Alexander maintained that “there is evidence to suggest that the pattern of relocation to inner centres may be as much a product of office space availability and imperfect market knowledge as of any real inability to function in outer centres.” In his book Office Location and Public Policy (1979), he acknowledged that “the classic explanation for the clustering of office activities in city centres” has been “need for direct personal contact in transacting business.” But “there is now considerable evidence to show that, given information flows are an important locational consideration for office activities, they are by no means an absolute constraint upon location.” He cites a wave of research from Sweden and Britain on “developments in communications technology that allow the replacement of face-to-face meetings by other means” and the classification of business contacts as routine “programmed” contacts or more complex “orientation” contacts. The former could be transacted as easily from a decentralised location while the latter “form only a small proportion of a typical office firm’s contact patterns” and “involve a minority of office personnel.” Orientation contacts could also be conducted from a non-central base even if extra travel is involved.
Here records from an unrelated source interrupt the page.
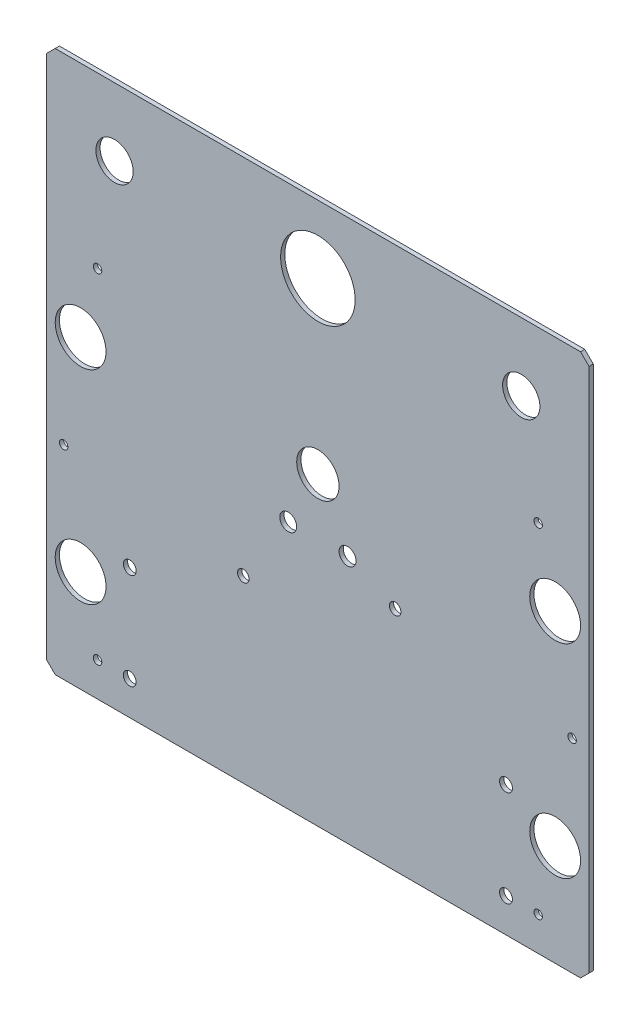
from build123d import *

# Parameters (mm, degrees)
SKETCH1_W           = 203.2
SKETCH1_H           = 203.2
BASE_FLANGE1_DEPTH  = 1.5875
SKETCH6_R           = 1.5875
SKETCH6_R_2         = 2.413
SKETCH6_R_3         = 9.525
CUT_EXTRUDE1_DEPTH  = 288.372580731
BREAK_CORNER1_START = -1.5875
BREAK_CORNER1_DEPTH = 1.5875
SKETCH7_R           = 6.985
SKETCH7_R_2         = 13.97
SKETCH7_R_3         = 7.9375
SKETCH7_R_4         = 3.175
SKETCH7_R_5         = 2.159
CUT_EXTRUDE2_DEPTH  = 288.372580731


# Read off the part's stored shape, not the designer's step: Break-Corner1
# Sheet-metal steps are written as plain solids
with BuildPart() as part:
    # Sketch1 → Base-Flange1 (new body)
    with BuildSketch(Plane.XY):
        with Locations((101.6, 101.6)):
            Rectangle(SKETCH1_W, SKETCH1_H)
    extrude(amount=-BASE_FLANGE1_DEPTH)

    # Sketch6 → Cut-Extrude1 (cut, through all)
    with BuildSketch(Plane(origin=(0, 0, -1.5875), x_dir=(-1, 0, 0), z_dir=(0, 0, -1))):
        with Locations((-19.05, 139.7)):
            Circle(SKETCH6_R)
        with Locations((-19.05, 12.7)):
            Circle(SKETCH6_R)
        with Locations((-31.115, 48.768)):
            Circle(SKETCH6_R_2)
        with Locations((-31.115, 12.7)):
            Circle(SKETCH6_R_2)
        with Locations((-172.085, 48.768)):
            Circle(SKETCH6_R_2)
        with Locations((-172.085, 12.7)):
            Circle(SKETCH6_R_2)
        with Locations((-184.15, 139.7)):
            Circle(SKETCH6_R)
        with Locations((-184.15, 12.7)):
            Circle(SKETCH6_R)
        with Locations((-190.5, 38.1)):
            Circle(SKETCH6_R_3)
        with Locations((-190.5, 114.3)):
            Circle(SKETCH6_R_3)
        with Locations((-12.7, 114.3)):
            Circle(SKETCH6_R_3)
        with Locations((-12.7, 38.1)):
            Circle(SKETCH6_R_3)
        with Locations((-6.35, 76.2)):
            Circle(SKETCH6_R)
        with Locations((-196.85, 76.2)):
            Circle(SKETCH6_R)
    extrude(amount=-CUT_EXTRUDE1_DEPTH, mode=Mode.SUBTRACT)

    # Break-Corner1 outline → Break-Corner1 (cut)
    with BuildSketch(Plane.XY.offset(BREAK_CORNER1_START)):
        Polygon((0, 0), (3.175, 0), (0, 3.175), align=None)
        Polygon((203.2, 3.175), (200.025, 0), (203.2, 0), align=None)
        Polygon((0, 203.2), (0, 200.025), (3.175, 203.2), align=None)
        Polygon((200.025, 203.2), (203.2, 200.025), (203.2, 203.2), align=None)
    extrude(amount=BREAK_CORNER1_DEPTH, mode=Mode.SUBTRACT)

    # Sketch7 → Cut-Extrude2 (cut, through all)
    with BuildSketch(Plane(origin=(0, 0, -1.5875), x_dir=(-1, 0, 0), z_dir=(0, 0, -1))):
        with Locations((-177.8, 177.8)):
            Circle(SKETCH7_R)
        with Locations((-101.6, 177.8)):
            Circle(SKETCH7_R_2)
        with Locations((-25.4, 177.8)):
            Circle(SKETCH7_R)
        with Locations((-101.6, 114.3)):
            Circle(SKETCH7_R_3)
        with Locations((-112.7125, 93.218)):
            Circle(SKETCH7_R_4)
        with Locations((-90.4875, 93.218)):
            Circle(SKETCH7_R_4)
        with Locations((-130.556, 85.09)):
            Circle(SKETCH7_R_5)
        with Locations((-73.66, 67.31)):
            Circle(SKETCH7_R_5)
    extrude(amount=-CUT_EXTRUDE2_DEPTH, mode=Mode.SUBTRACT)


solid = part.part

Stretton was in no doubt that Sydney’s office centralisation was an orchestrated phenomenon: “… rising rates of destruction and renewal are made profitable by the land values of overbuilt office centres. Nor are such policies adapting democratically to ‘the peoples’ locational decisions: they work in favour of the interests of tiny minorities of central investors and developers … Plenty of Sydney people – planners, politicians and others – like to regard their centralized over-growth as natural, unavoidable, an international phenomenon. It is nothing of the sort.” After discussing features of the 1970s office over-supply, later examined in more detail by Daly, Stretton concluded that “the celebrated office boom at Sydney Cove was not a response to strong office demand from people who needed to do business there. It was a calculated risk by the office builders, gambling on inflation and rising building costs and especially on the extreme centralist policy which was visible in the government’s own office activity … [emphasis added].” Political choices made central office development highly profitable for the property-finance industry. Hoisted on fabricated props, the CBD would come to need an ongoing program of such choices to hold onto its artificial status.

Modernist architects transformed the CBD into an upscale office district, 1950s-1970s

Politicians, of all major parties, promoted such lucrative conditions for CBD office developers because, as architect and planner Darrel Conybeare explained, “Sydney’s urban image and identity is inextricably linked to the natural setting of this centre on the visually spectacular foreshores of Sydney Harbour.” The city’s leaders sought to capitalise on this asset after Melbourne stole a march with the 1956 Olympic Games. Inevitably, the harbourside CBD became their focus of attention. “Such height limits as the city had”, writes Stretton, “were suspended at the first suggestion that one skyscraper might go to Melbourne instead.” Sydney was primed to embrace a series of glittering visions offered by the architecture profession over decades starting around this time. According to one account, the “move to skyscrapers may have been American-influenced but was, to a large extent, architect-led, with the Royal Australian Institute of Architects [RAIA] acting as prime mover in bringing skyscrapers to Sydney …”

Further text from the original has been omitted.